Of course, this is Kate Millet’s personal political point of view. Many people do find a diagnosis of ‘mental illness’ and associated treatments helpful, being more concerned about stigma, discrimination and exclusion (not helped by the word ‘schizophrenia’) but one thing my circle of friends has confirmed to me is that despite some common experiences of ‘psychosis’ we cannot be simply be categorised (usually in terms of deficits, or dysfunctions). We remain varied in our personalities, our outlooks, our politics, our beliefs, the ways in which we try to deal with our experiences …

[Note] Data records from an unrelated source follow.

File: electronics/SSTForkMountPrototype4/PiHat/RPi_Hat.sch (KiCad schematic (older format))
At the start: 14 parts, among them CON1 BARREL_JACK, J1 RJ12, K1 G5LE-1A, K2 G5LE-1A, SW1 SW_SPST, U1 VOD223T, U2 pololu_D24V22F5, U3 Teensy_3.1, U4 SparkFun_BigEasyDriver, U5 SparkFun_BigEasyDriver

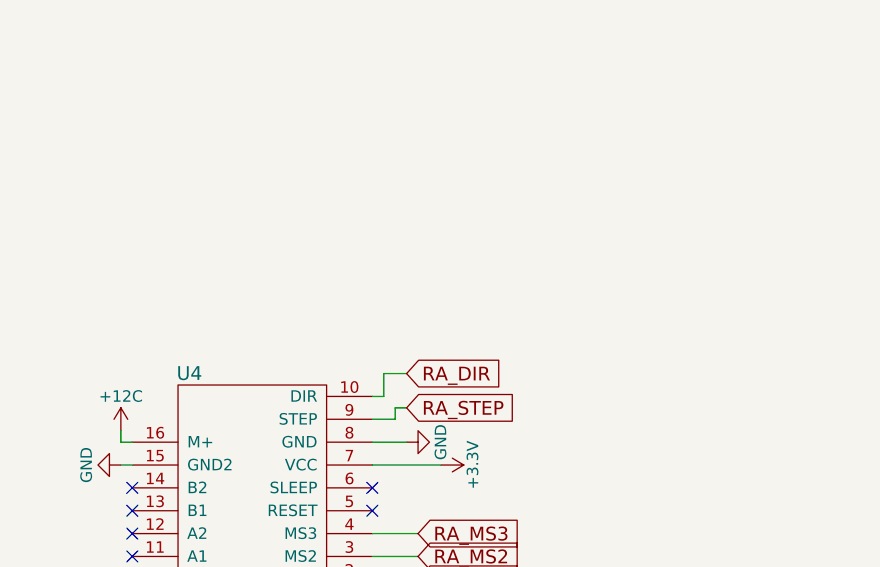
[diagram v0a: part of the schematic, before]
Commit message: Note on stepper motor test point voltage added.
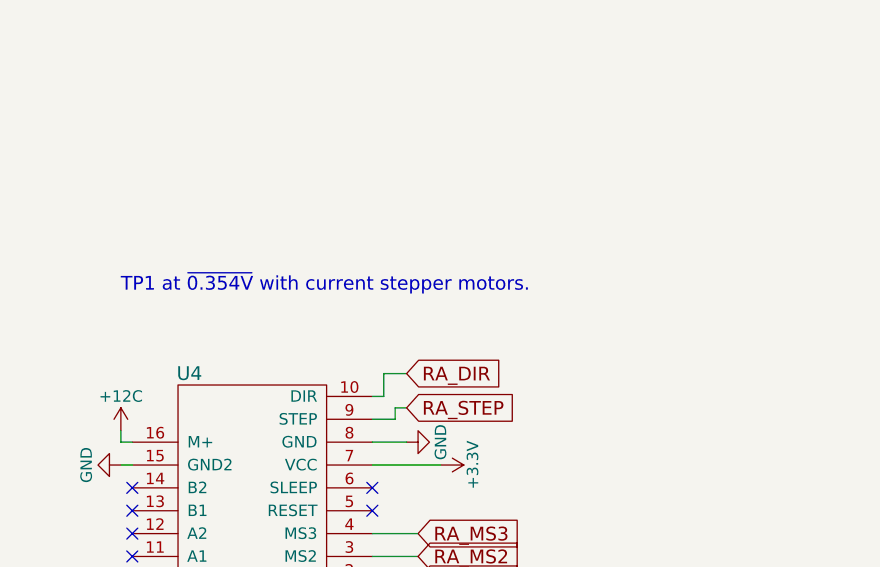
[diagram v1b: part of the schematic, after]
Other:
- note added: "TP1 at ~0.354V with current stepper motors."
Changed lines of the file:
@@
 Wire Wire Line
 	3900 2800 4000 2800
+Text Notes 1200 4850 0    60   ~ 0
+TP1 at ~0.354V with current stepper motors.
 $EndSCHEMATC

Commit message: Updated notes
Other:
- note added: "TP1 at ~0.354V with current stepper motors.\nAlso cut APWR jumper"
- note removed: "TP1 at ~0.354V with current stepper motors."
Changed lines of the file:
@@
 	3900 2800 4000 2800
 Text Notes 1200 4850 0    60   ~ 0
-TP1 at ~0.354V with current stepper motors.
+TP1 at ~0.354V with current stepper motors.\nAlso cut APWR jumper
 $EndSCHEMATC

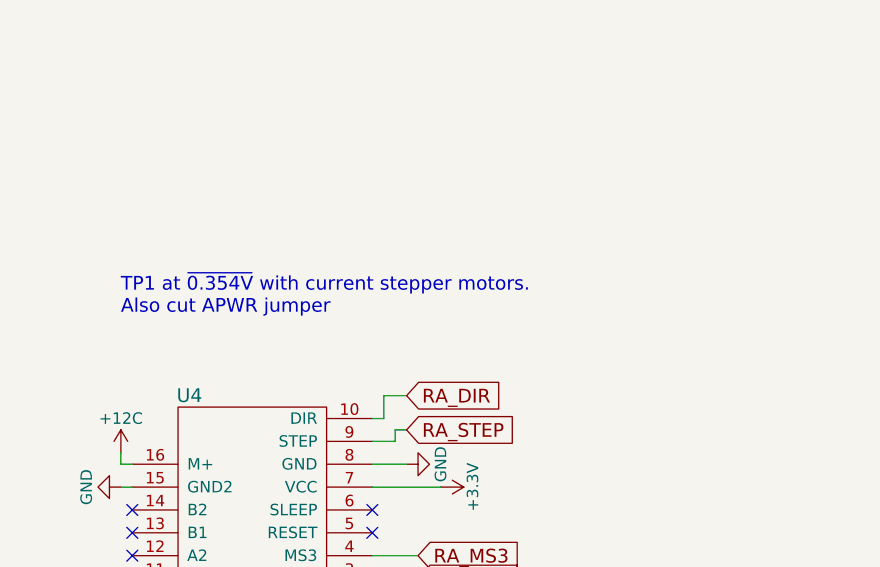
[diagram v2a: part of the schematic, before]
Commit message: Enable power switch detection to shutdown.
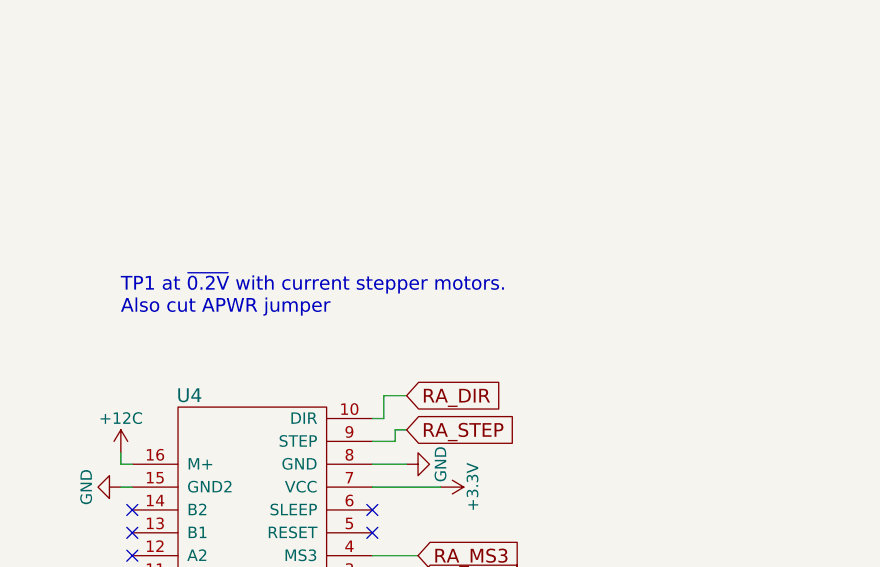
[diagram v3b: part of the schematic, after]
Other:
- note added: "TP1 at ~0.2V with current stepper motors.\nAlso cut APWR jumper"
- note removed: "TP1 at ~0.354V with current stepper motors.\nAlso cut APWR jumper"
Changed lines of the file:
@@
 	3900 2800 4000 2800
 Text Notes 1200 4850 0    60   ~ 0
-TP1 at ~0.354V with current stepper motors.\nAlso cut APWR jumper
+TP1 at ~0.2V with current stepper motors.\nAlso cut APWR jumper
 $EndSCHEMATC

I am hopeful the Inquiry will find and represent this broad perspective. It is hugely encouraging to me to see issues around “psychosis” being returned to just at a time when it had seemed to me that the medical model has returned to widespread acceptance and that all the effort to, for example, talk of ‘mental distress’ as a challenge to ‘mental illness’ in the 1980s/90s (including a recognition that it was not enough to talk solely of ‘distress’) had been lost.